- [WHAT YOU ARE ASKED TO DO]
Only the lines that contain the string "Linea" belong in the answer; pull them from the records.

- [MATERIAL FOR THIS EXERCISE]
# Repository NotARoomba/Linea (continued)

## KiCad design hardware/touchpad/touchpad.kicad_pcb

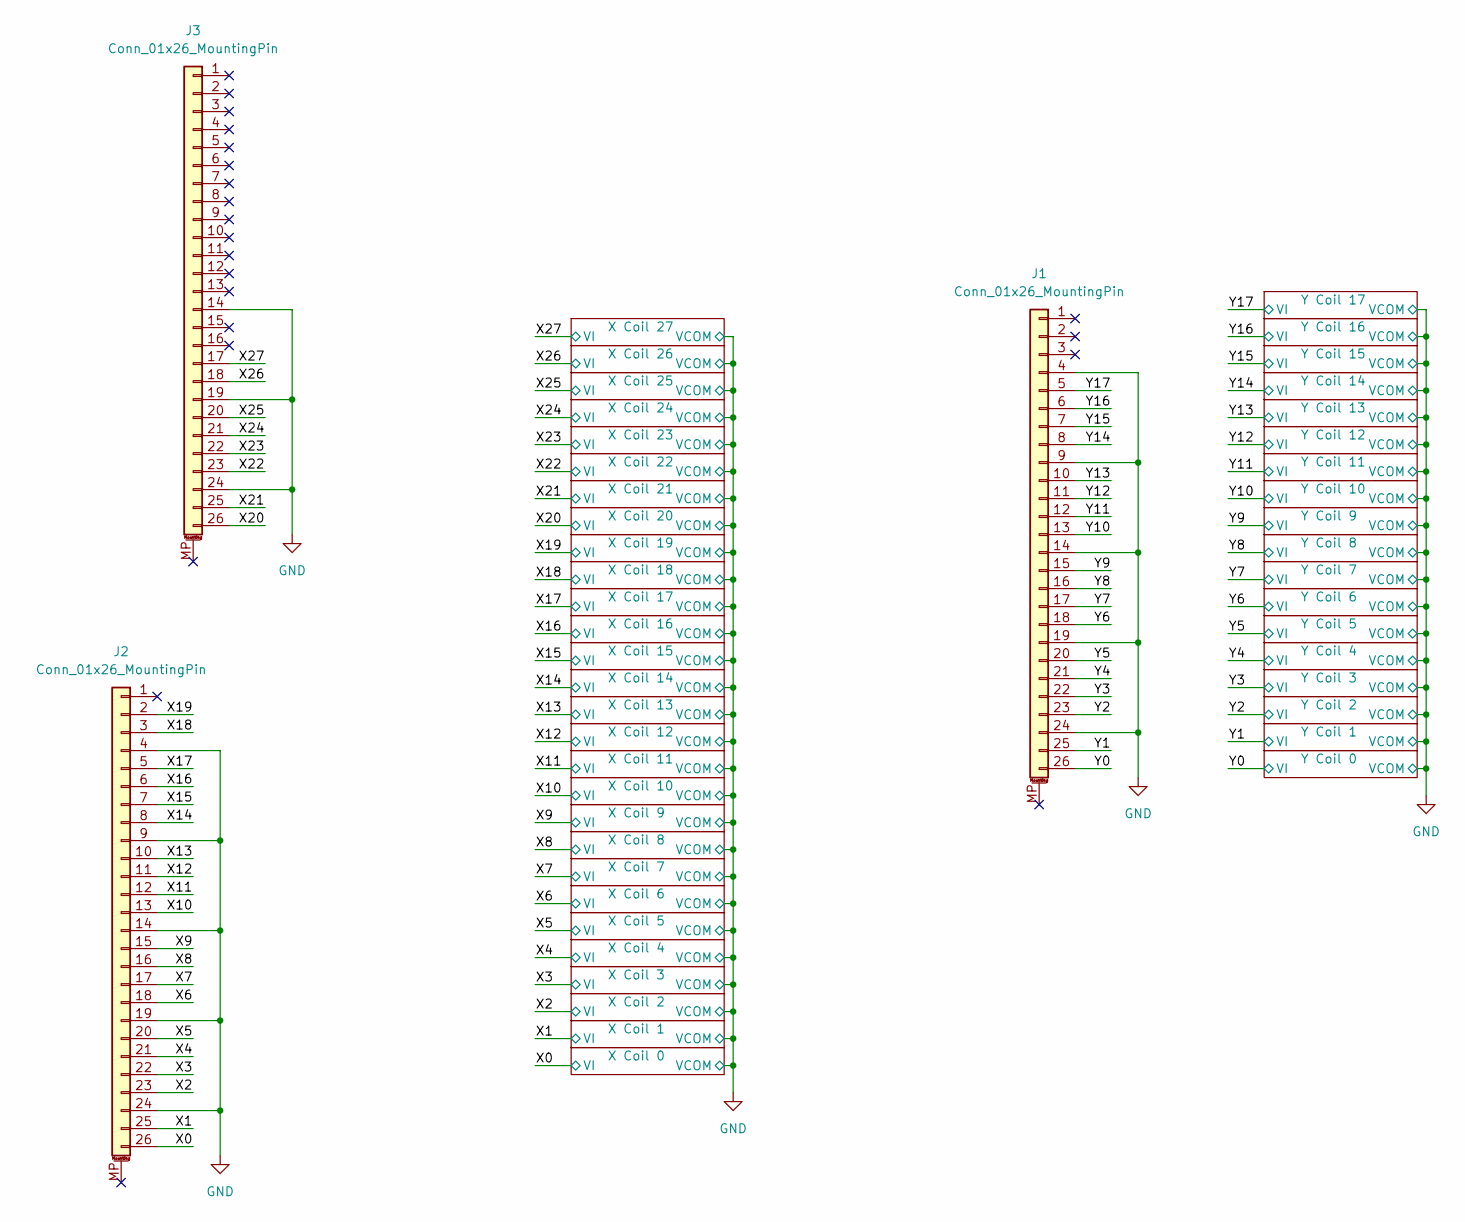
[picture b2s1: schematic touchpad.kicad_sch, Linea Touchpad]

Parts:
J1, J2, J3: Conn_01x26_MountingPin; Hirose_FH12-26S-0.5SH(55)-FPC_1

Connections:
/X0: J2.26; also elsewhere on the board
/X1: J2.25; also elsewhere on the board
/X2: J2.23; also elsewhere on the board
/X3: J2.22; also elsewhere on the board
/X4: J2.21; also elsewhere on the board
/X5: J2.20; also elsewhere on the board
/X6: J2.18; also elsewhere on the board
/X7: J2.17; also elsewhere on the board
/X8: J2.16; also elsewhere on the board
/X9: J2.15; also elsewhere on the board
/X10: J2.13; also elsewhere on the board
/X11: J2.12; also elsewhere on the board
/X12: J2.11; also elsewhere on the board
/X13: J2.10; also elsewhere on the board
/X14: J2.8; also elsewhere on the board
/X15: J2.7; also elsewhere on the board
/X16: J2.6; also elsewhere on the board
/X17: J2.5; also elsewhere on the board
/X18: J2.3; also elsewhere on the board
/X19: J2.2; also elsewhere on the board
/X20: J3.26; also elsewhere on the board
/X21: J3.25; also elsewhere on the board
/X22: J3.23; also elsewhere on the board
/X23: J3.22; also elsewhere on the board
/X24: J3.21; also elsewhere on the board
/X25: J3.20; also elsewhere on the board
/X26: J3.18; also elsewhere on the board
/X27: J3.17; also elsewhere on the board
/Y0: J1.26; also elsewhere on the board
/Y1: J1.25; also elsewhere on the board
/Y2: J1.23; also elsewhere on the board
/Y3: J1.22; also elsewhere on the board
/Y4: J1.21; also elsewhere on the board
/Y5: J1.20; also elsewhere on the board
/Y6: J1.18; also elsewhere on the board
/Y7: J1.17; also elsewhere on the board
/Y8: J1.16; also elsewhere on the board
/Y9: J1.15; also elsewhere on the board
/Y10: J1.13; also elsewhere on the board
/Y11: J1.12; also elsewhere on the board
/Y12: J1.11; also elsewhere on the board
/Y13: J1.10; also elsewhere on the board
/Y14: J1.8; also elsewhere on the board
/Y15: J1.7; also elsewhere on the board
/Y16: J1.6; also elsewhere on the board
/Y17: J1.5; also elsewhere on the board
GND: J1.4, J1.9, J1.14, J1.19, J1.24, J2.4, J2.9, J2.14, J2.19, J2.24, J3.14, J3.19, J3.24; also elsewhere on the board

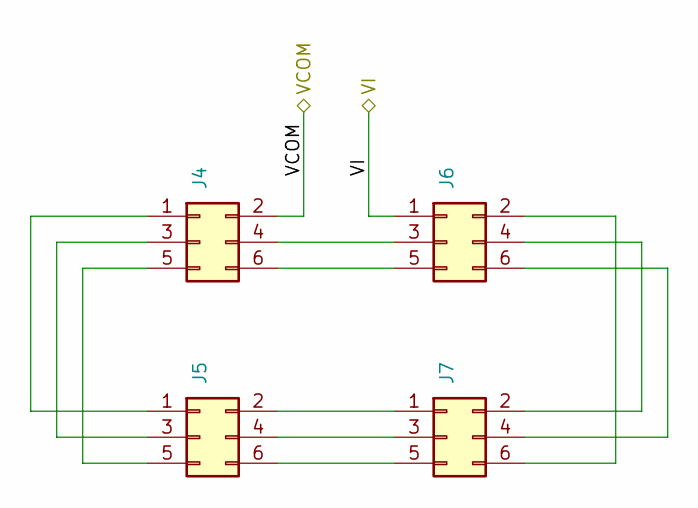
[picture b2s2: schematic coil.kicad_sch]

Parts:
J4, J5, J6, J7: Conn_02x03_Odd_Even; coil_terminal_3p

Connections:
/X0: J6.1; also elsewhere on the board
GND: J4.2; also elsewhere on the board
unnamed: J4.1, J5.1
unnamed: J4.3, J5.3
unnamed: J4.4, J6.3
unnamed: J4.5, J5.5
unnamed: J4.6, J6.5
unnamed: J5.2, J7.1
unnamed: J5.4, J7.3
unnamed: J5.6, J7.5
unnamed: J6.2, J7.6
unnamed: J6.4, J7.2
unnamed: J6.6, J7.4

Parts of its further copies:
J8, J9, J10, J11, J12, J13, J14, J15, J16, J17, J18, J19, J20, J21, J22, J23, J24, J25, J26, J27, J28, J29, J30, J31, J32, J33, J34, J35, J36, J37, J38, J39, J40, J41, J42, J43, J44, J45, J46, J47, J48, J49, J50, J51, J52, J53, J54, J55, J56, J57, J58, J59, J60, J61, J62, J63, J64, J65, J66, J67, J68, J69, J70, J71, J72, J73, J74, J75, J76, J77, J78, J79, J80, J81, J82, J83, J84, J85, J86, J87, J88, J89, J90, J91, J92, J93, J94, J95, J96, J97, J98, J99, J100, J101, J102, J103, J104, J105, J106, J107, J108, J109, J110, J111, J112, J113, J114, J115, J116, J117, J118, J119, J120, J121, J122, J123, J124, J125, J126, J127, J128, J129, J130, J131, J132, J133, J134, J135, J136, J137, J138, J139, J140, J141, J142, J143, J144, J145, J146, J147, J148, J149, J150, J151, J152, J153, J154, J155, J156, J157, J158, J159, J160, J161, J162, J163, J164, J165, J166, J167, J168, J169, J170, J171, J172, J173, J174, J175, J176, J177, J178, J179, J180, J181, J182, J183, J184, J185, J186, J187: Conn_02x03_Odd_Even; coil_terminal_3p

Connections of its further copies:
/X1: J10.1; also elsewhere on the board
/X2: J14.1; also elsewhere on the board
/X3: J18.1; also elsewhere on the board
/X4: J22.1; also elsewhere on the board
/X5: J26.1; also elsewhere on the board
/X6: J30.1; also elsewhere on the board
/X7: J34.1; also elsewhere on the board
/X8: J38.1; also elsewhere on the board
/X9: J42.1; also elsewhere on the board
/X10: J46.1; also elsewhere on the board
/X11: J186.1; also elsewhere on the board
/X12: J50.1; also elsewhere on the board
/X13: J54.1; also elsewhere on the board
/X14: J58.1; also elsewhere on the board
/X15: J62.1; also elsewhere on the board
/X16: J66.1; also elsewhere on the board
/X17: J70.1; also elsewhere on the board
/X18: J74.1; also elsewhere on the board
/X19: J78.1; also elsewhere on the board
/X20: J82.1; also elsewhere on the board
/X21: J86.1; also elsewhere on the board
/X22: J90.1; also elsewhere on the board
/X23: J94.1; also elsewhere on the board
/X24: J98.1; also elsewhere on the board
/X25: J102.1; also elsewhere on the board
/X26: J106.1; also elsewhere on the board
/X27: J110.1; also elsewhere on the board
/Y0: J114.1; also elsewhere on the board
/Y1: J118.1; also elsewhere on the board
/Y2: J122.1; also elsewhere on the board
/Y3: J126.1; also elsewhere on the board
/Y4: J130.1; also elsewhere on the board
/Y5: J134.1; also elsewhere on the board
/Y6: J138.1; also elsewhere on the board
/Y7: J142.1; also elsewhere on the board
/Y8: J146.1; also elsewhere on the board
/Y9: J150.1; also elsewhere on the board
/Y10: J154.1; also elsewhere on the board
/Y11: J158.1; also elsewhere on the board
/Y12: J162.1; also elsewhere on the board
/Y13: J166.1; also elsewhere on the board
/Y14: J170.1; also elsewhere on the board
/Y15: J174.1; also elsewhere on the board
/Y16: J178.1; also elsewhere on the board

- [SOLUTION]
# Repository NotARoomba/Linea (continued)
[picture b2s1: schematic touchpad.kicad_sch, Linea Touchpad]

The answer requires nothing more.